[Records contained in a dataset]

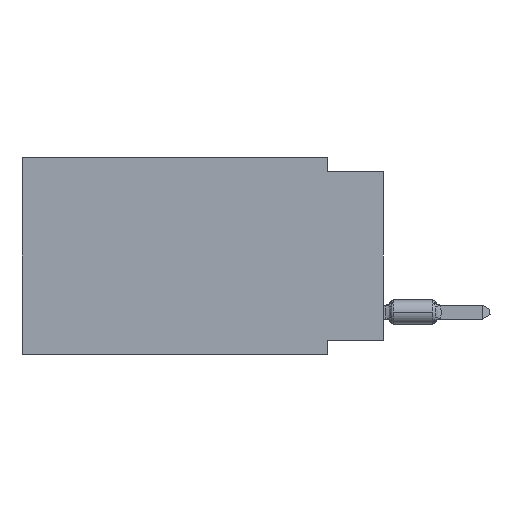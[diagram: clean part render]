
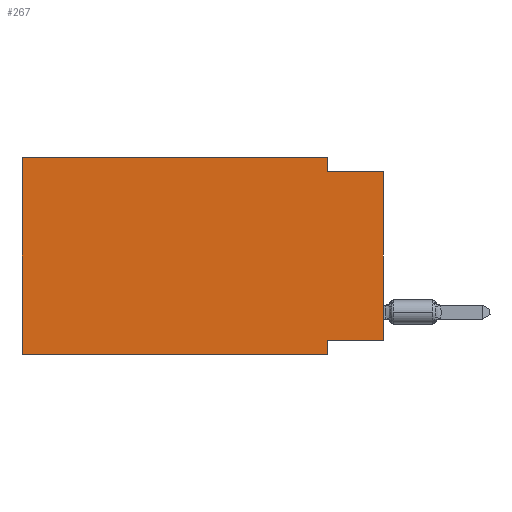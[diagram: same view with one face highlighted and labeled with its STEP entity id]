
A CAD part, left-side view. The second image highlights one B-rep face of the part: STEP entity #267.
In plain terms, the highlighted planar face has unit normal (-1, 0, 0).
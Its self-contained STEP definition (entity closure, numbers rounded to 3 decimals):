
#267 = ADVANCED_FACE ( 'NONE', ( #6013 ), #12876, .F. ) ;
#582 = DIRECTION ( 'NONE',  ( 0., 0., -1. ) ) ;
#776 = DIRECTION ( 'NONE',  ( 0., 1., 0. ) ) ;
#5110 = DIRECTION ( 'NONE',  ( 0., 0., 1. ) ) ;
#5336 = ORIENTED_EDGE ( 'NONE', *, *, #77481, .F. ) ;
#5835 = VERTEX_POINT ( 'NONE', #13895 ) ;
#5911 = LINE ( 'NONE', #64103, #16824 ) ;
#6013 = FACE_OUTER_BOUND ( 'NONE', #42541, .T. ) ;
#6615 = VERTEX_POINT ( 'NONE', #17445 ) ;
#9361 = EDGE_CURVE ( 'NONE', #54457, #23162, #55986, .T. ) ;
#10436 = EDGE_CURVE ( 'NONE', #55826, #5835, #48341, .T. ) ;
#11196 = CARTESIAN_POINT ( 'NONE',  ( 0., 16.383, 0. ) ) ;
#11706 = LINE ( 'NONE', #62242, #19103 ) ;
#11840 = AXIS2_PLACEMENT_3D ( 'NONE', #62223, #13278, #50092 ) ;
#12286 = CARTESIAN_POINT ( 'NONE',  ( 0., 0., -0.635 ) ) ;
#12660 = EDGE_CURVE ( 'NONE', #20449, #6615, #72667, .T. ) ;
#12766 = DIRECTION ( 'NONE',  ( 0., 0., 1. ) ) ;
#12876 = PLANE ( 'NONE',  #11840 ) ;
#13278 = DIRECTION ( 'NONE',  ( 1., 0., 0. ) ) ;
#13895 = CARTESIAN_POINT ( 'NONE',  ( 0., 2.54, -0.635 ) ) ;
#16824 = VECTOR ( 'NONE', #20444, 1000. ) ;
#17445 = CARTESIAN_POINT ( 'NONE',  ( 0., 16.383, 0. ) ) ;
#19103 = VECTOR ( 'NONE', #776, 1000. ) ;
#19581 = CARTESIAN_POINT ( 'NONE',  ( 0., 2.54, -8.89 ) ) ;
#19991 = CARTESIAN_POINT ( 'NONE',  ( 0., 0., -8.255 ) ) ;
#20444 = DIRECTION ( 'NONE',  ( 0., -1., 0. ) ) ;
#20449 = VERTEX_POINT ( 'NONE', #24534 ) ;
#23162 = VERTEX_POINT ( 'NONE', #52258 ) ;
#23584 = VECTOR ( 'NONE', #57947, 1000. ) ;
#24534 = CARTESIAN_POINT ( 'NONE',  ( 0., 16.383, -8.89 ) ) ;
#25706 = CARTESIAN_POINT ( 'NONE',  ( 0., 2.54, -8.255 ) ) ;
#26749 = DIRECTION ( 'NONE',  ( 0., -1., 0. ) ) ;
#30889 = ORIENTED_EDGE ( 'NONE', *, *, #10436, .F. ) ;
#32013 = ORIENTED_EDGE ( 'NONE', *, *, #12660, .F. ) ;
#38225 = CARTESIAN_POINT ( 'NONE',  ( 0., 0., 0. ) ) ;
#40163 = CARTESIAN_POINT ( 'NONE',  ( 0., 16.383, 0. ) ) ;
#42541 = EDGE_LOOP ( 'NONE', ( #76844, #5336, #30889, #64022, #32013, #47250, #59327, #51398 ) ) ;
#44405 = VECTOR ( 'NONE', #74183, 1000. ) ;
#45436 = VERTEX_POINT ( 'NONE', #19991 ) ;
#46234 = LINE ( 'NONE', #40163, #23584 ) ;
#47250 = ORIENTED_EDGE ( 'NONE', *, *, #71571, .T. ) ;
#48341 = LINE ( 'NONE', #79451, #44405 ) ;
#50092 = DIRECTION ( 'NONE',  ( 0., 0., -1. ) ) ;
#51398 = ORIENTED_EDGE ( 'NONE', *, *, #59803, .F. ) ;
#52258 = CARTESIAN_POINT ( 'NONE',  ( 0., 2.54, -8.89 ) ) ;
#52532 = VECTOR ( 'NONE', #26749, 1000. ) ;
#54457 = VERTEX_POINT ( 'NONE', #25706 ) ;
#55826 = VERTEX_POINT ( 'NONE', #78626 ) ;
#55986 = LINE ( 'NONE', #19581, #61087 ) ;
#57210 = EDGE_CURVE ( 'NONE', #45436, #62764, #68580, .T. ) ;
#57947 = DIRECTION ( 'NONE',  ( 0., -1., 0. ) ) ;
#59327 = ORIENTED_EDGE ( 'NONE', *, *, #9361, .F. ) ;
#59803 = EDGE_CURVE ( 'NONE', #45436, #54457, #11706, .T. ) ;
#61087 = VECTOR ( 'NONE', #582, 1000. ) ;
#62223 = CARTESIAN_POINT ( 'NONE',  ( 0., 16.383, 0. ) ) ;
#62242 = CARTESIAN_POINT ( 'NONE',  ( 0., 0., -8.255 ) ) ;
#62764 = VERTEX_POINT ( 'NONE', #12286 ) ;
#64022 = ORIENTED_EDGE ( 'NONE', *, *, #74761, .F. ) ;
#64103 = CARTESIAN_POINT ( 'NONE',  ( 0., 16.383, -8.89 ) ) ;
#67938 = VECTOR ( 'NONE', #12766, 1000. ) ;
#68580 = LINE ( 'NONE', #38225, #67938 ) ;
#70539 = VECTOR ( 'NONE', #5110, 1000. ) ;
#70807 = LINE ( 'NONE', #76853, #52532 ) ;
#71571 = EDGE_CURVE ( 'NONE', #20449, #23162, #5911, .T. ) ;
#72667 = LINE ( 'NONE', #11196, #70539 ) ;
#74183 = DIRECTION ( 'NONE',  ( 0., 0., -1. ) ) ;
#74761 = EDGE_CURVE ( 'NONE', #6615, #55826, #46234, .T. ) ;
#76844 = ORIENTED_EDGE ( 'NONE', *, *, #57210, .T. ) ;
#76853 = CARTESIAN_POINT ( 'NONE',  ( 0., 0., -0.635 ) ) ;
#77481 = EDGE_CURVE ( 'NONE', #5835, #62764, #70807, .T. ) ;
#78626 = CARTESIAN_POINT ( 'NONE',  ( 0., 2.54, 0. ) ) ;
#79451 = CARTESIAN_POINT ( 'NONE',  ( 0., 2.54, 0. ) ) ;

** What you should do **
Pictures are to be left out, while the records are copied word for word.

** Solution **
[diagram: clean part render]
[diagram: same view with one face highlighted and labeled with its STEP entity id]
A CAD part, left-side view. The second image highlights one B-rep face of the part: STEP entity #267.
In plain terms, the highlighted planar face has unit normal (-1, 0, 0).
Its self-contained STEP definition (entity closure, numbers rounded to 3 decimals):
#267 = ADVANCED_FACE ( 'NONE', ( #6013 ), #12876, .F. ) ;
#582 = DIRECTION ( 'NONE',  ( 0., 0., -1. ) ) ;
#776 = DIRECTION ( 'NONE',  ( 0., 1., 0. ) ) ;
#5110 = DIRECTION ( 'NONE',  ( 0., 0., 1. ) ) ;
#5336 = ORIENTED_EDGE ( 'NONE', *, *, #77481, .F. ) ;
#5835 = VERTEX_POINT ( 'NONE', #13895 ) ;
#5911 = LINE ( 'NONE', #64103, #16824 ) ;
#6013 = FACE_OUTER_BOUND ( 'NONE', #42541, .T. ) ;
#6615 = VERTEX_POINT ( 'NONE', #17445 ) ;
#9361 = EDGE_CURVE ( 'NONE', #54457, #23162, #55986, .T. ) ;
#10436 = EDGE_CURVE ( 'NONE', #55826, #5835, #48341, .T. ) ;
#11196 = CARTESIAN_POINT ( 'NONE',  ( 0., 16.383, 0. ) ) ;
#11706 = LINE ( 'NONE', #62242, #19103 ) ;
#11840 = AXIS2_PLACEMENT_3D ( 'NONE', #62223, #13278, #50092 ) ;
#12286 = CARTESIAN_POINT ( 'NONE',  ( 0., 0., -0.635 ) ) ;
#12660 = EDGE_CURVE ( 'NONE', #20449, #6615, #72667, .T. ) ;
#12766 = DIRECTION ( 'NONE',  ( 0., 0., 1. ) ) ;
#12876 = PLANE ( 'NONE',  #11840 ) ;
#13278 = DIRECTION ( 'NONE',  ( 1., 0., 0. ) ) ;
#13895 = CARTESIAN_POINT ( 'NONE',  ( 0., 2.54, -0.635 ) ) ;
#16824 = VECTOR ( 'NONE', #20444, 1000. ) ;
#17445 = CARTESIAN_POINT ( 'NONE',  ( 0., 16.383, 0. ) ) ;
#19103 = VECTOR ( 'NONE', #776, 1000. ) ;
#19581 = CARTESIAN_POINT ( 'NONE',  ( 0., 2.54, -8.89 ) ) ;
#19991 = CARTESIAN_POINT ( 'NONE',  ( 0., 0., -8.255 ) ) ;
#20444 = DIRECTION ( 'NONE',  ( 0., -1., 0. ) ) ;
#20449 = VERTEX_POINT ( 'NONE', #24534 ) ;
#23162 = VERTEX_POINT ( 'NONE', #52258 ) ;
#23584 = VECTOR ( 'NONE', #57947, 1000. ) ;
#24534 = CARTESIAN_POINT ( 'NONE',  ( 0., 16.383, -8.89 ) ) ;
#25706 = CARTESIAN_POINT ( 'NONE',  ( 0., 2.54, -8.255 ) ) ;
#26749 = DIRECTION ( 'NONE',  ( 0., -1., 0. ) ) ;
#30889 = ORIENTED_EDGE ( 'NONE', *, *, #10436, .F. ) ;
#32013 = ORIENTED_EDGE ( 'NONE', *, *, #12660, .F. ) ;
#38225 = CARTESIAN_POINT ( 'NONE',  ( 0., 0., 0. ) ) ;
#40163 = CARTESIAN_POINT ( 'NONE',  ( 0., 16.383, 0. ) ) ;
#42541 = EDGE_LOOP ( 'NONE', ( #76844, #5336, #30889, #64022, #32013, #47250, #59327, #51398 ) ) ;
#44405 = VECTOR ( 'NONE', #74183, 1000. ) ;
#45436 = VERTEX_POINT ( 'NONE', #19991 ) ;
#46234 = LINE ( 'NONE', #40163, #23584 ) ;
#47250 = ORIENTED_EDGE ( 'NONE', *, *, #71571, .T. ) ;
#48341 = LINE ( 'NONE', #79451, #44405 ) ;
#50092 = DIRECTION ( 'NONE',  ( 0., 0., -1. ) ) ;
#51398 = ORIENTED_EDGE ( 'NONE', *, *, #59803, .F. ) ;
#52258 = CARTESIAN_POINT ( 'NONE',  ( 0., 2.54, -8.89 ) ) ;
#52532 = VECTOR ( 'NONE', #26749, 1000. ) ;
#54457 = VERTEX_POINT ( 'NONE', #25706 ) ;
#55826 = VERTEX_POINT ( 'NONE', #78626 ) ;
#55986 = LINE ( 'NONE', #19581, #61087 ) ;
#57210 = EDGE_CURVE ( 'NONE', #45436, #62764, #68580, .T. ) ;
#57947 = DIRECTION ( 'NONE',  ( 0., -1., 0. ) ) ;
#59327 = ORIENTED_EDGE ( 'NONE', *, *, #9361, .F. ) ;
#59803 = EDGE_CURVE ( 'NONE', #45436, #54457, #11706, .T. ) ;
#61087 = VECTOR ( 'NONE', #582, 1000. ) ;
#62223 = CARTESIAN_POINT ( 'NONE',  ( 0., 16.383, 0. ) ) ;
#62242 = CARTESIAN_POINT ( 'NONE',  ( 0., 0., -8.255 ) ) ;
#62764 = VERTEX_POINT ( 'NONE', #12286 ) ;
#64022 = ORIENTED_EDGE ( 'NONE', *, *, #74761, .F. ) ;
#64103 = CARTESIAN_POINT ( 'NONE',  ( 0., 16.383, -8.89 ) ) ;
#67938 = VECTOR ( 'NONE', #12766, 1000. ) ;
#68580 = LINE ( 'NONE', #38225, #67938 ) ;
#70539 = VECTOR ( 'NONE', #5110, 1000. ) ;
#70807 = LINE ( 'NONE', #76853, #52532 ) ;
#71571 = EDGE_CURVE ( 'NONE', #20449, #23162, #5911, .T. ) ;
#72667 = LINE ( 'NONE', #11196, #70539 ) ;
#74183 = DIRECTION ( 'NONE',  ( 0., 0., -1. ) ) ;
#74761 = EDGE_CURVE ( 'NONE', #6615, #55826, #46234, .T. ) ;
#76844 = ORIENTED_EDGE ( 'NONE', *, *, #57210, .T. ) ;
#76853 = CARTESIAN_POINT ( 'NONE',  ( 0., 0., -0.635 ) ) ;
#77481 = EDGE_CURVE ( 'NONE', #5835, #62764, #70807, .T. ) ;
#78626 = CARTESIAN_POINT ( 'NONE',  ( 0., 2.54, 0. ) ) ;
#79451 = CARTESIAN_POINT ( 'NONE',  ( 0., 2.54, 0. ) ) ;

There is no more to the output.